A glamorous business it isn't. But Sysco, built through more than 140 acquisitions, can turn a nice profit through scale, efficiency and a wide network of distribution centers across the U.S. and Canada. In the fiscal year that ended in June 2007, it earned $1 billion after taxes, or $1.60 per share, on sales of $35 billion. Revenues this year should approach $38 billion.

How does Schnieders intend to keep boosting profits and grabbing market share? First, Sysco is so indispensable to its customers that it has little trouble passing on increases in food prices to them. Schnieders says the company is drawing closer to clients through joint "business reviews," which typically include advice on menus and operating details, such as inventory control.

Sysco is also strengthening its already potent, industry-leading network of 177 distribution centers — more than twice the number of its largest competitor, privately held US Foodservice. It is building six regional redistribution centers that Schnieders says will dramatically improve efficiency in the supply chain. The concept, he says, is akin to Wal-Mart's logistics system and is unlikely to be replicated by Sysco's rivals. "Our network is so much bigger and more powerful than the competition, which doesn't have the systems to do it," he says.

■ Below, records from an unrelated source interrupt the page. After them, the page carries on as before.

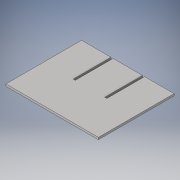
# Autodesk Inventor part: Wine Rack Horizontal
Saved by Autodesk Inventor 2016 (Build 200138000, 138)
## iProperties
Created: 2017-10-31
Part Number: Wine Rack Horizontal
Material: Generic
Document SubType Name: Modeling
Designer: mathaetaes
Density: 1 g/cm^3
Appearance: Default
Author: mathaetaes
Autodesk Inventor part; units mm, degrees
ref_plane "YZ Plane" through (0, 0, 0) normal (1, 0, 0) x (0, 1, 0)
ref_plane "XZ Plane" through (0, 0, 0) normal (0, 1, 0) x (-1, 0, 0)
ref_plane "XY Plane" through (0, 0, 0) normal (0, 0, 1) x (1, 0, 0)
sketch "Sketch1" plane through (0, 0, 0) normal (0, 1, 0) x (-1, 0, 0)
  line L0 (49.657, -96.9264) -> (-229.743, -96.9264)
  line L1 (-229.743, -96.9264) -> (-229.743, 131.6736)
  line L2 (-229.743, 131.6736) -> (49.657, 131.6736)
  line L3 (49.657, 131.6736) -> (49.657, -96.9264)
  point P0 (0, 0)
  dimension "d0" = 228.6
  dimension "d1" = 279.4
  constraints: 8 end point, 2 parallel, 1 horizontal, 1 perpendicular
  measures "d0" distance of L0.end L1.end
  measures "d1" distance of L0.start L0.end
extrude "Board" add sketch "Sketch1" along normal blind 6.35
sketch "Sketch2" plane through (0, 6.35, 0) normal (0, 1, 0) x (1, 0, 0)
  line L0 (39.243, 96.9264) -> (45.593, 96.9264)
  line L1 (45.593, 96.9264) -> (45.593, -17.3736)
  line L2 (45.593, -17.3736) -> (39.243, -17.3736)
  line L3 (39.243, -17.3736) -> (39.243, 96.9264)
  line L4 (-49.657, 96.9264) -> (-49.657, -131.6736) projected
  line L5 (134.493, 96.9264) -> (140.843, 96.9264)
  line L6 (140.843, 96.9264) -> (140.843, -17.3736)
  line L7 (140.843, -17.3736) -> (134.493, -17.3736)
  line L8 (134.493, -17.3736) -> (134.493, 96.9264)
  line L9 (229.743, -131.6736) -> (229.743, 96.9264) projected
  point P0 (0, 0)
  dimension "d4" = 6.35
  dimension "d5" = 114.3
  dimension "d6" = 88.9
  dimension "d7" = 6.35
  dimension "d8" = 114.3
  dimension "d13" = 88.9
  dimension "d17" = 88.9
  constraints: 16 end point, 4 parallel, 2 horizontal, 2 perpendicular
  measures "d4" distance of L0.start L0.end
  measures "d5" distance of L2.end L0.start
  measures "d6" distance between parallel lines of L4 L3
  measures "d7" distance of L5.start L5.end
  measures "d8" distance of L7.end L5.start
  measures "d13" distance between parallel lines of L8 L1
  measures "d17" distance between parallel lines of L9 L6
extrude "Extrusion2" cut sketch "Sketch2" against normal blind 6.35
equation "\"d5\" = 0.5 * d0"
equation "\"d8\" = 0.5 * d9"
equation "\"d9\" = 228.6"
body "Solid1"

Sysco will likely gain market share in a recession, but the stock is selling at recessionary prices. At a recent $29 a share, Sysco (symbol SYY) traded at 16 times estimated 2008 earnings. That compares with an average price-earnings ratio of 23 over the past five years, says analyst Mark Churchill of Piper Jaffray, and it's the lowest the P/E has been in the past decade. Plus, you get paid a 3 percent yield while you wait for the stock to appreciate.